# TASK GOAL
Could you print exactly the lines of the listing below, starting at the line that has "# Drawn here: x" and ending at the line that has "doc.linetypes.add(name, pattern=pattern)", and only those lines?

===

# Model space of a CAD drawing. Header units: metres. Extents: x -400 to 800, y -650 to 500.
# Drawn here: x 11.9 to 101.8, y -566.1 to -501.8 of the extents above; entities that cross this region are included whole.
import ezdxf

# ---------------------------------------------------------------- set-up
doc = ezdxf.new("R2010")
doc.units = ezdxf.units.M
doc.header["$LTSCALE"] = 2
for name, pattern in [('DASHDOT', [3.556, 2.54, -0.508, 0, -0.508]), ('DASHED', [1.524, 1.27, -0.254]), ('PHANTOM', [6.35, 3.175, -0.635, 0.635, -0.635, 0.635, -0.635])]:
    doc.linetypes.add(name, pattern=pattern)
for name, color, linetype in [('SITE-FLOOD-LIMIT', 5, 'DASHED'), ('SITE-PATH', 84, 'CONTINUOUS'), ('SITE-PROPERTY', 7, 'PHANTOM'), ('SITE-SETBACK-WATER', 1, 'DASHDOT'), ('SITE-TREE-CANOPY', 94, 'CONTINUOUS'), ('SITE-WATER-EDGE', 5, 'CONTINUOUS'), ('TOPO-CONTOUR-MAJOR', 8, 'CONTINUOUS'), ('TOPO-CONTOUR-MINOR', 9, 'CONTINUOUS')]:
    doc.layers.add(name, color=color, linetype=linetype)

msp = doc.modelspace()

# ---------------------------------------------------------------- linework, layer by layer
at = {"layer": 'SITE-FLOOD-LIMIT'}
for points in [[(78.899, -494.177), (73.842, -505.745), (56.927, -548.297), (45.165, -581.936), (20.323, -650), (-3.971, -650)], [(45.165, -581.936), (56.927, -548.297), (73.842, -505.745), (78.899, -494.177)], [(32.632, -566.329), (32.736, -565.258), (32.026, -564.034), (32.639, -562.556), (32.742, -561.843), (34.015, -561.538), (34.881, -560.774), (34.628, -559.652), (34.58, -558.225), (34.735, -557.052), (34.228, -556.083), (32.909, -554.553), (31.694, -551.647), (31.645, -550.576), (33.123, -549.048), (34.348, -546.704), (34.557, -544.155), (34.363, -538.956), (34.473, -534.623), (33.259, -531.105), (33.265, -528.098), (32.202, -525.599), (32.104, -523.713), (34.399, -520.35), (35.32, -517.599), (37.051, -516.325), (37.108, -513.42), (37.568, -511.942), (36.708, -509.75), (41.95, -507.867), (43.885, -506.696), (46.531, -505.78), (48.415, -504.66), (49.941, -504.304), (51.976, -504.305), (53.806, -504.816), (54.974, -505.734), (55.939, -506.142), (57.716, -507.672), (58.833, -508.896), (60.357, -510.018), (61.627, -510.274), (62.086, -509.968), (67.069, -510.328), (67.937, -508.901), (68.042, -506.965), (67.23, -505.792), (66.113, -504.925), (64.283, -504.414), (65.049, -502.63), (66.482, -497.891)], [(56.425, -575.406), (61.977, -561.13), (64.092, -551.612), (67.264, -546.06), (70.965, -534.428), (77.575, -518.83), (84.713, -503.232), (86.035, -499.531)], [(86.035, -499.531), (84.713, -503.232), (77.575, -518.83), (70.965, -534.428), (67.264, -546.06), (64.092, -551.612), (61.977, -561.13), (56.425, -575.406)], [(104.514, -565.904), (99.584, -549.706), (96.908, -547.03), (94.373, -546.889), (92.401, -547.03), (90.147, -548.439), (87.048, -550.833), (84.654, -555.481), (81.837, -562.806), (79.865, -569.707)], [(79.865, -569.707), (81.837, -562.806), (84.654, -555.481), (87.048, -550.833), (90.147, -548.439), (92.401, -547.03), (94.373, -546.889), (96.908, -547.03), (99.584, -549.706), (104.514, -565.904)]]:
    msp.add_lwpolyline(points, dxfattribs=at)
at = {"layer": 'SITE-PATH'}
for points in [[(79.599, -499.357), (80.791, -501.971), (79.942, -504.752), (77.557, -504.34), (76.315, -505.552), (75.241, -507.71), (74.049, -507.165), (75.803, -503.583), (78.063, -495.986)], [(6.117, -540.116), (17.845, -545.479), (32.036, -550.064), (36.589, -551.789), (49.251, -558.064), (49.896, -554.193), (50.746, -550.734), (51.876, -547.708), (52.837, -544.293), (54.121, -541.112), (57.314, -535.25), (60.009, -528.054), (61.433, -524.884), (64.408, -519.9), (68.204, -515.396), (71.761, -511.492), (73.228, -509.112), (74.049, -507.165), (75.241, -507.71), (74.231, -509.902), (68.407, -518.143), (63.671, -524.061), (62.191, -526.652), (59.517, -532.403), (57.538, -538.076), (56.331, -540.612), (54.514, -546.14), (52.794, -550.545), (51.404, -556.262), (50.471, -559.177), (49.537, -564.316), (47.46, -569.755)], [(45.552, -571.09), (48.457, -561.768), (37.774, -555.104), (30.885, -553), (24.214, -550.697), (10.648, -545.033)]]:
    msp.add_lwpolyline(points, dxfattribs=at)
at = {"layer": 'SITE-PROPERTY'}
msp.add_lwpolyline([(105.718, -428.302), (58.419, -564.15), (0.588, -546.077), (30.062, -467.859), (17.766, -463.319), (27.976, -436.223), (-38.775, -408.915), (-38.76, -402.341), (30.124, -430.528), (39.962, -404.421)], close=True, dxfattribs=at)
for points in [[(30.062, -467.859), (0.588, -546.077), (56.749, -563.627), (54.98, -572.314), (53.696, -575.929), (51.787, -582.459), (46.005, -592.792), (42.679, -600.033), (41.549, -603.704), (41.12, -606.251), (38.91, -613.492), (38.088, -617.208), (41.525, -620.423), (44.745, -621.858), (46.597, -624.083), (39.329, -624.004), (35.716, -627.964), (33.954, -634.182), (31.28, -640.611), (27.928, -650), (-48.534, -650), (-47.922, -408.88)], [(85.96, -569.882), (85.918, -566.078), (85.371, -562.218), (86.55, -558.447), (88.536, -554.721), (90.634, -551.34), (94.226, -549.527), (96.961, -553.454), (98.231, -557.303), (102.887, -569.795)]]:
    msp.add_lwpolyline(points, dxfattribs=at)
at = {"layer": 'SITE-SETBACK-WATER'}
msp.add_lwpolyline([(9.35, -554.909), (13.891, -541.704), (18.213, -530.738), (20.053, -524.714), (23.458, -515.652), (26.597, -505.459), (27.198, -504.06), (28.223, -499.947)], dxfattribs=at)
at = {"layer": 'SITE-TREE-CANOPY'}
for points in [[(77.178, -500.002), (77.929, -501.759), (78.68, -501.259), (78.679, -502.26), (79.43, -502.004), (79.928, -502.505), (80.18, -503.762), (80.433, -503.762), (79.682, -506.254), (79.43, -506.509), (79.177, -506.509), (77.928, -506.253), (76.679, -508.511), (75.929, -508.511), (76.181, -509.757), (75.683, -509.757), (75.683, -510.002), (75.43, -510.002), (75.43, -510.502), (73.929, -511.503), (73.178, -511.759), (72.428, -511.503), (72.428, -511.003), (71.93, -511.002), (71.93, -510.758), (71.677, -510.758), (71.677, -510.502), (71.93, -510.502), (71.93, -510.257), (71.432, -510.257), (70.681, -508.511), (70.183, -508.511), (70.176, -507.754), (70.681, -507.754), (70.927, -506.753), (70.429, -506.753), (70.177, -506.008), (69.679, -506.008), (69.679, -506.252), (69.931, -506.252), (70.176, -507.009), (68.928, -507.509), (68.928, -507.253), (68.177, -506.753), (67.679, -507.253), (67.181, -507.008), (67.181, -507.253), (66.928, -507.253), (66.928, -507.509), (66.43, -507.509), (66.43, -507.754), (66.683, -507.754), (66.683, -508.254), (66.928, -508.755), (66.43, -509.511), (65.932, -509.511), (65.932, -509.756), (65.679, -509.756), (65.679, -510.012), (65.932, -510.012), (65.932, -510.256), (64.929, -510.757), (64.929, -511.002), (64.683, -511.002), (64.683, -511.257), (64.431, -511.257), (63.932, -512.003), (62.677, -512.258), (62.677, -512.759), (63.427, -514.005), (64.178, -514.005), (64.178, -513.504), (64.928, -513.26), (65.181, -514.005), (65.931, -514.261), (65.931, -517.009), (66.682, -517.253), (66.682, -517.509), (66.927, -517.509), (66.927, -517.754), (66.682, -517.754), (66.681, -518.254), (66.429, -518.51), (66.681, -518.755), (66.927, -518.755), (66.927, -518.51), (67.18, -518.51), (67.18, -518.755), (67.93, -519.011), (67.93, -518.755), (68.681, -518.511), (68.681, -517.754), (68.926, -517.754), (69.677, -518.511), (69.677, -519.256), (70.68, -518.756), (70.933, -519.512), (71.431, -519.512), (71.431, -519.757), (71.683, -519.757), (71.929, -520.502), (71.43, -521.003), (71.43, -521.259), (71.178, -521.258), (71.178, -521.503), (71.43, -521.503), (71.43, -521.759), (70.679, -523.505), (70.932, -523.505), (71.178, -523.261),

===

# RESULT BELOW
# Drawn here: x 11.9 to 101.8, y -566.1 to -501.8 of the extents above; entities that cross this region are included whole.
import ezdxf

# ---------------------------------------------------------------- set-up
doc = ezdxf.new("R2010")
doc.units = ezdxf.units.M
doc.header["$LTSCALE"] = 2
for name, pattern in [('DASHDOT', [3.556, 2.54, -0.508, 0, -0.508]), ('DASHED', [1.524, 1.27, -0.254]), ('PHANTOM', [6.35, 3.175, -0.635, 0.635, -0.635, 0.635, -0.635])]:
    doc.linetypes.add(name, pattern=pattern)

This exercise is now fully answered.